All in all, a good few day. Ah holidays! Can't they just last forever?!

Wednesday 1 January 2014

Six Impossible Things

Well here we are. A brand new year all shiny and new and ready to be unwrapped. I started mine with a late breakfast of a sausage sandwich and a gallon of tea accompanied by my favourite occupation, leisurely speculation about the future. This year is a bit of a hairy-scary one for me. Once again I find myself staring out into the unknown. Lots will be decided, or at least the wheels will be set in motion, like the location of my first job as an ordained minster starting in 2015 (gulp). Will I be up the road or on the other side of the country? Will I be hanging out with students in some urban jungle or cycling between churches in some rural idyll? It all very exciting, but completely unknown and therefore, by default, pretty unnerving.

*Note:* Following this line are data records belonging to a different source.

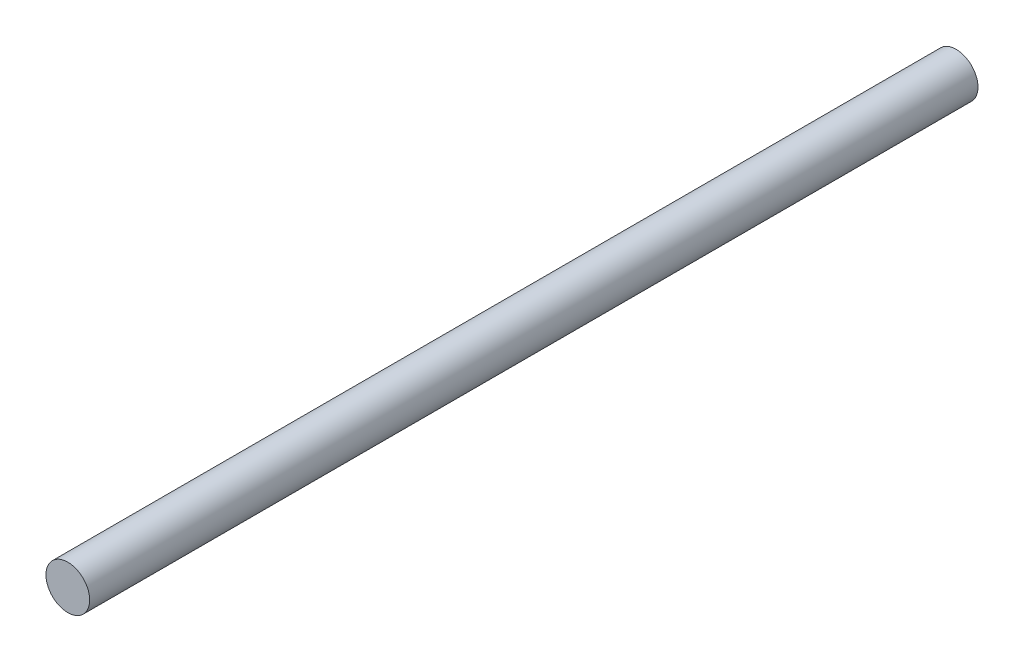
from build123d import *

# Parameters (mm, degrees)
SKETCH1_R           = 8
BOSS_EXTRUDE1_DEPTH = 162.5


with BuildPart() as part:
    # Sketch1 → Boss-Extrude1 (new body, symmetric)
    with BuildSketch(Plane.XY):
        Circle(SKETCH1_R)
    extrude(amount=BOSS_EXTRUDE1_DEPTH, both=True)


solid = part.part
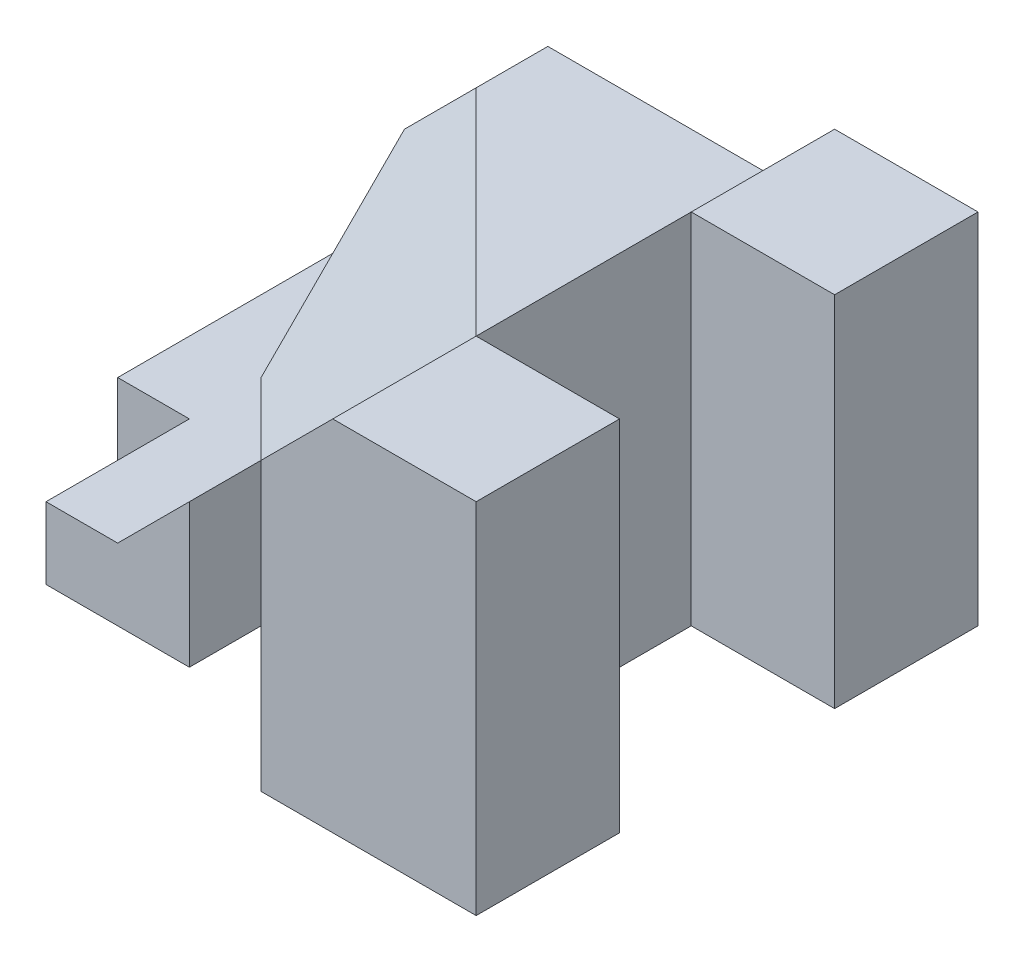
from build123d import *

# Parameters (mm, degrees)
BOSS_EXTRUDE1_DEPTH     = 5
CUT_EXTRUDE1_DEPTH      = 5
CUT_EXTRUDE1_DEPTH_BACK = 2
CUT_EXTRUDE3_DEPTH      = 5
SKETCH5_W               = 4
SKETCH5_H               = 3
CUT_EXTRUDE4_DEPTH      = 1
CUT_EXTRUDE5_DEPTH      = 1
CUT_EXTRUDE6_DEPTH      = 1


with BuildPart() as part:
    # Sketch1 → Boss-Extrude1 (new body)
    with BuildSketch(Plane(origin=(0, 0, 0), x_dir=(1, 0, 0), z_dir=(0, 1, 0))):
        Polygon((0, 0), (0, -2), (-2, -2), (-2, -5), (0, -5), (0, -7), (-3, -7), (-3, -5), (-5, -5), (-5, -6), (-7, -6), (-7, -4), (-8, -4), (-8, 0), align=None)
    extrude(amount=BOSS_EXTRUDE1_DEPTH)

    # Sketch2 → Cut-Extrude1 (cut, two sides)
    with BuildSketch(Plane.XY.offset(6)) as cut_extrude1_sk:
        Polygon((-8, 1), (-6, 1), (-2, 5), (-8, 5), align=None)
    extrude(amount=CUT_EXTRUDE1_DEPTH, mode=Mode.SUBTRACT)
    extrude(cut_extrude1_sk.sketch, amount=-CUT_EXTRUDE1_DEPTH_BACK, mode=Mode.SUBTRACT)

    # Sketch3 → Cut-Extrude3 (cut)
    with BuildSketch(Plane.XY.offset(4)):
        Polygon((-2, 5), (-3, 5), (-8, 5), (-8, 4), (-3, 4), align=None)
    extrude(amount=-CUT_EXTRUDE3_DEPTH, mode=Mode.SUBTRACT)

    # Sketch5 → Cut-Extrude4 (cut)
    with BuildSketch(Plane.ZY.offset(8)):
        with Locations((2, 2.5)):
            Rectangle(SKETCH5_W, SKETCH5_H)
    extrude(amount=-CUT_EXTRUDE4_DEPTH, mode=Mode.SUBTRACT)

    # Sketch7 → Cut-Extrude5 (cut)
    with BuildSketch(Plane(origin=(0, 0, 0), x_dir=(-1, 0, 0), z_dir=(0, 0, -1))):
        Polygon((6, 4), (7, 3), (7, 4), align=None)
    extrude(amount=-CUT_EXTRUDE5_DEPTH, mode=Mode.SUBTRACT)

    # 3DSketch1 → Cut-Extrude6 (cut, along a direction that is not the sketch's normal)
    with BuildSketch(Plane(origin=(-7, 1, 3), x_dir=(0.7844645405527364, 0.588348405414552, 0.19611613513818382), z_dir=(-0.5773502691896255, 0.577350269189626, 0.5773502691896261))):
        Polygon((0, 0), (0.784464541, 2.717464882), (2.157277487, 3.057147992), (5.099019514, 0), (0.980580676, -1.019049331), align=None)
    extrude(amount=CUT_EXTRUDE6_DEPTH, dir=(-1, 0, 0), mode=Mode.SUBTRACT)


with BuildPart() as body_2:
    # of the pieces the cut leaves, the one that is kept (cut_extrude6_keep)
    add(part.part.solids().sort_by_distance((0, 0, 0))[0])


solid = body_2.part
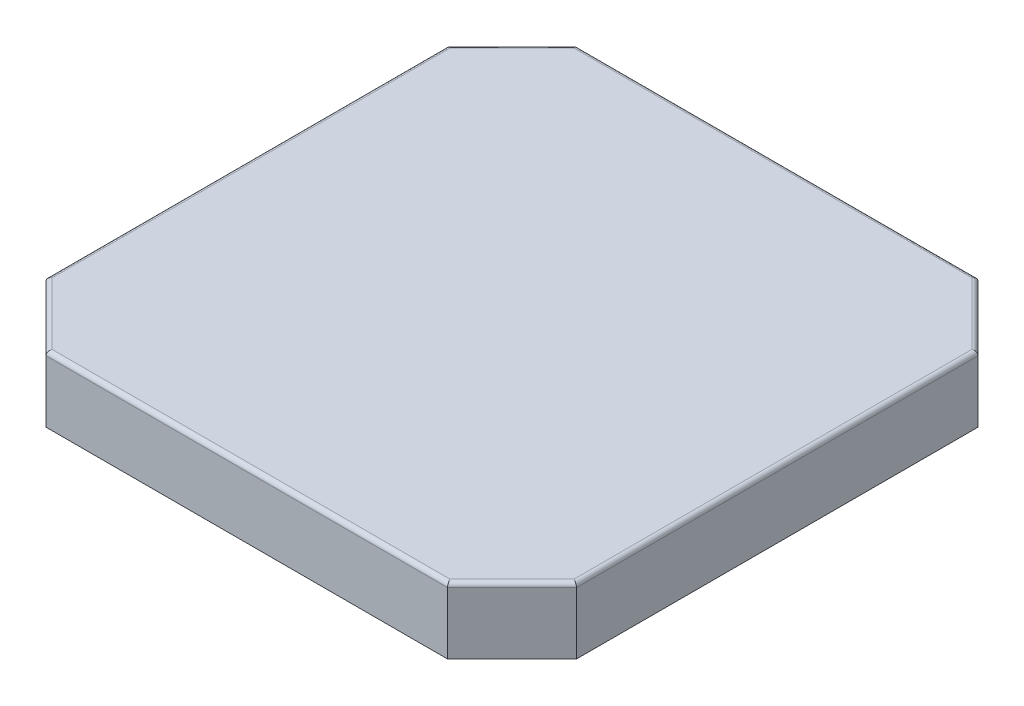
from build123d import *

# Parameters (mm, degrees)
ESQUISSE1_W             = 24.7
ESQUISSE1_H             = 24.7
BOSS_EXTRU_1_DEPTH      = 3.08
CHANFREIN1_SIZE         = 3
CONG_1_R                = 0.2
ESQUISSE2_W             = 6
ESQUISSE2_H             = 2.88
ENL_V_MAT_EXTRU_1_DEPTH = 22.08
ENL_V_MAT_EXTRU_2_DEPTH = 2.88


with BuildPart() as part:
    # Esquisse1 → Boss.-Extru.1 (new body)
    with BuildSketch(Plane(origin=(0, 0, 0), x_dir=(1, 0, 0), z_dir=(0, 1, 0))):
        with Locations((12.35, 12.35)):
            Rectangle(ESQUISSE1_W, ESQUISSE1_H)
    extrude(amount=BOSS_EXTRU_1_DEPTH)

    # Chanfrein1
    chanfrein1_edges = [part.edges().sort_by_distance(p)[0] for p in [
        (0, 1.54, -24.7),
        (24.7, 1.54, -24.7),
        (24.7, 1.54, 0),
        (0, 1.54, 0),
    ]]
    chamfer(chanfrein1_edges, length=CHANFREIN1_SIZE)

    # Congé1
    cong_1_edges = [part.edges().sort_by_distance(p)[0] for p in [
        (0, 3.08, -12.35),
        (12.35, 3.08, -24.7),
        (12.35, 3.08, 0),
        (24.7, 3.08, -12.35),
        (1.5, 3.08, -1.5),
        (23.2, 3.08, -1.5),
        (23.2, 3.08, -23.2),
        (1.5, 3.08, -23.2),
    ]]
    fillet(cong_1_edges, radius=CONG_1_R)

    # Esquisse2 → Enlèv. mat.-Extru.1 (cut)
    with BuildSketch(Plane(origin=(0, 0, -24.7), x_dir=(-1, 0, 0), z_dir=(0, 0, -1))):
        with Locations((-12.35, 1.44)):
            Rectangle(ESQUISSE2_W, ESQUISSE2_H)
    extrude(amount=-ENL_V_MAT_EXTRU_1_DEPTH, mode=Mode.SUBTRACT)

    # Esquisse3 → Enlèv. mat.-Extru.2 (cut)
    with BuildSketch(Plane.XZ):
        Polygon((3.124264069, -24.4), (21.575735931, -24.4), (24.4, -21.575735931), (24.4, -3.124264069), (21.575735931, -0.3), (3.124264069, -0.3), (0.3, -3.124264069), (0.3, -21.575735931), align=None)
    extrude(amount=-ENL_V_MAT_EXTRU_2_DEPTH, mode=Mode.SUBTRACT)


solid = part.part

In the midst of all this I like to be in the habit of, as the Queen in Alice in Wonderland would say, believing 'six impossible things before breakfast'! Just when things start to get a bit predictable a new idea pops into my head. A sweet little 'What If?' and before I know it I'm off down some new avenue, sending audacious emails and banging on doors for opportunities like a woman possessed. It's amazing what you get when you simply ask.

This blog emerged out of one such wander into the impossible. Three and a half years later and I am still here infinitely the better for having decided to put pen to paper and start writing. That willingness to follow the impossible road led to a course in creative writing, winning a short story award, reading my work at a literary festival, publishing a book, seeing my name in print in a real life magazine, scaling the BT tower for a bloggers event and, most importantly, having the most extraordinary amount of fun.

It is amazing what you can do when you take your own life seriously enough to strive for what you really want. Getting up before the sun came up to write stories was the first step in a road of committing to the life that I knew I could have. One full of colour, excitement and adventure. I realised that most of the limits on me were of my own making and the options were, in fact, infinite. I credit that time for me eventually going forward for ordination. I would never have believed such an impossible thing if I hadn't taken those first strange and wonderful steps.

So this year in the midst of final exams and job interviews, being wife, daughter, auntie and friend, I'm going to do a little wandering towards some new impossible things. Why not, eh? I'm going to email people I admire, submit articles to sites I love, ask questions, read books. In fact I'm even going to start drafting an outline for my own book this summer when my finals are done. Yep, its adventures all round. I can't wait to begin.